Endpoint Protection

 View Only
Expand all | Collapse all

SEP 12.1 : normal users cannot disable Firewall

ℬrίαη

ℬrίαηAug 09, 2011 07:17 AM

  • 1.  SEP 12.1 : normal users cannot disable Firewall

    Posted Aug 05, 2011 09:34 AM

    Hi,

    I'm facing an issue after upgrading SEP from 11 to 12.1 : In version 11, normal users (without administrative privileges) were able to disable firewall when configured by the administrator via Client User Interface Control Settings -> Server Control -> Customize

     

    Since 12.1 upgrade, with a similar configuration, only users with adminitrative privileges are able to do it.

    Anyone has any idea about why and how to correct this issue ?

    Thanks a lot

    Cedric



  • 2.  RE: SEP 12.1 : normal users cannot disable Firewall

    Posted Aug 05, 2011 09:45 AM

    Hi

    Is NTP component installed on the client machines for SEP ?

    IF yes try following

    go to add remove select sep change modify custom > expand NTP >disable firewall by selecting this feature wont be available > next install ,

    reboot the client machine and then check if user are able to make changes to Windows firewall

    If NTP is installed by default it will take presidence over windows firewall

    However this policy can be withdrawn from Management console ,



  • 3.  RE: SEP 12.1 : normal users cannot disable Firewall

    Posted Aug 05, 2011 10:00 AM

    Hi,

    Thank you for your quick answer, but issue is with the SEP firewall which cannot be disabled and not the windows one.

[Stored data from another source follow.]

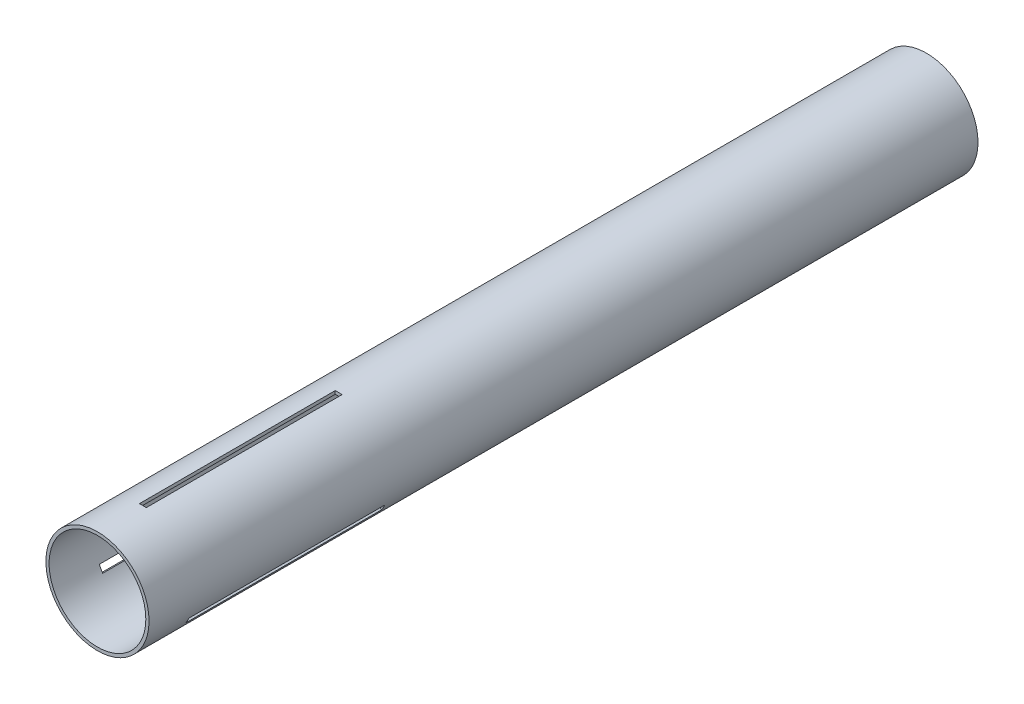
from build123d import *

# Parameters (mm, degrees)
SKETCH1_R           = 23.6982
SKETCH1_R_2         = 22.225
BOSS_EXTRUDE1_DEPTH = 381
CUT_EXTRUDE2_START  = -28.631769
SKETCH3_W           = 3.175
SKETCH3_H           = 89.9999978
CUT_EXTRUDE2_DEPTH  = 1.529969
CIRPATTERN4_COUNT   = 3


with BuildPart() as part:
    # Sketch1 → Boss-Extrude1 (new body)
    with BuildSketch(Plane.XY):
        Circle(SKETCH1_R)
        Circle(SKETCH1_R_2, mode=Mode.SUBTRACT)
    extrude(amount=BOSS_EXTRUDE1_DEPTH)

    # Sketch3 → Cut-Extrude2 (cut)
    with BuildSketch(Plane(origin=(0, 50.8, 0), x_dir=(1, 0, 0), z_dir=(0, 1, 0)).offset(CUT_EXTRUDE2_START)):
        with Locations((0, -315.1720011)):
            Rectangle(SKETCH3_W, SKETCH3_H)
    cut_extrude2 = extrude(amount=CUT_EXTRUDE2_DEPTH, mode=Mode.SUBTRACT)

    # CirPattern4: Cut-Extrude2 ×3 about axis
    cirpattern4_axis = Axis((0, 0, 0), (0, 0, 1))
    for i in range(1, CIRPATTERN4_COUNT):
        add(cut_extrude2.rotate(cirpattern4_axis, i * 360 / CIRPATTERN4_COUNT), mode=Mode.SUBTRACT)


solid = part.part

I do want to keep SEP firewall but want users without administrative privileges to be able to temporaly disable SEP firewall to connect when in a hotspot.

    Cedric



  • 4.  RE: SEP 12.1 : normal users cannot disable Firewall

    Trusted Advisor
    Posted Aug 05, 2011 11:08 AM

    Hello,

    In 12.1, Client control gives the users the most control over the client. Client control unlocks the managed settings so that users can configure them.

     

    Client control has the following characteristics:

    • Users can configure or enable firewall rules, firewall settings, application-specific settings, intrusion prevention settings, and client user interface settings.

    • The client ignores the firewall rules that you configure for the client.

    Client control is useful for employees who work in a remote location or a home location.

    In your case, could you check if this is occuring on all machines, or specific machines?

    Could you compare the policies between SEPM and Client, if they are the same and policies are being applied on the client machines?

     



  • 5.  RE: SEP 12.1 : normal users cannot disable Firewall

    Posted Aug 05, 2011 11:16 AM

    If you do not wish to keep Sep firewall enabled you can create package with out firewall .

    Or you can also withdraw NTP from client > select the group >run command on group >Disable NTP

    Also other optionis

    Select group in right pane go to Policies tab >uncheck inheritance >location specific settings>server contrl >click here> select client or mixed >customise in right pane you would find server and client >by selecting radio button againts the feature you will be able to give permission to user to disable/enable NTP



  • 6.  RE: SEP 12.1 : normal users cannot disable Firewall

    Posted Aug 08, 2011 04:12 AM

    Hi,

    I've switched to client control, same issue : Administrator can change settings, standard users cannot.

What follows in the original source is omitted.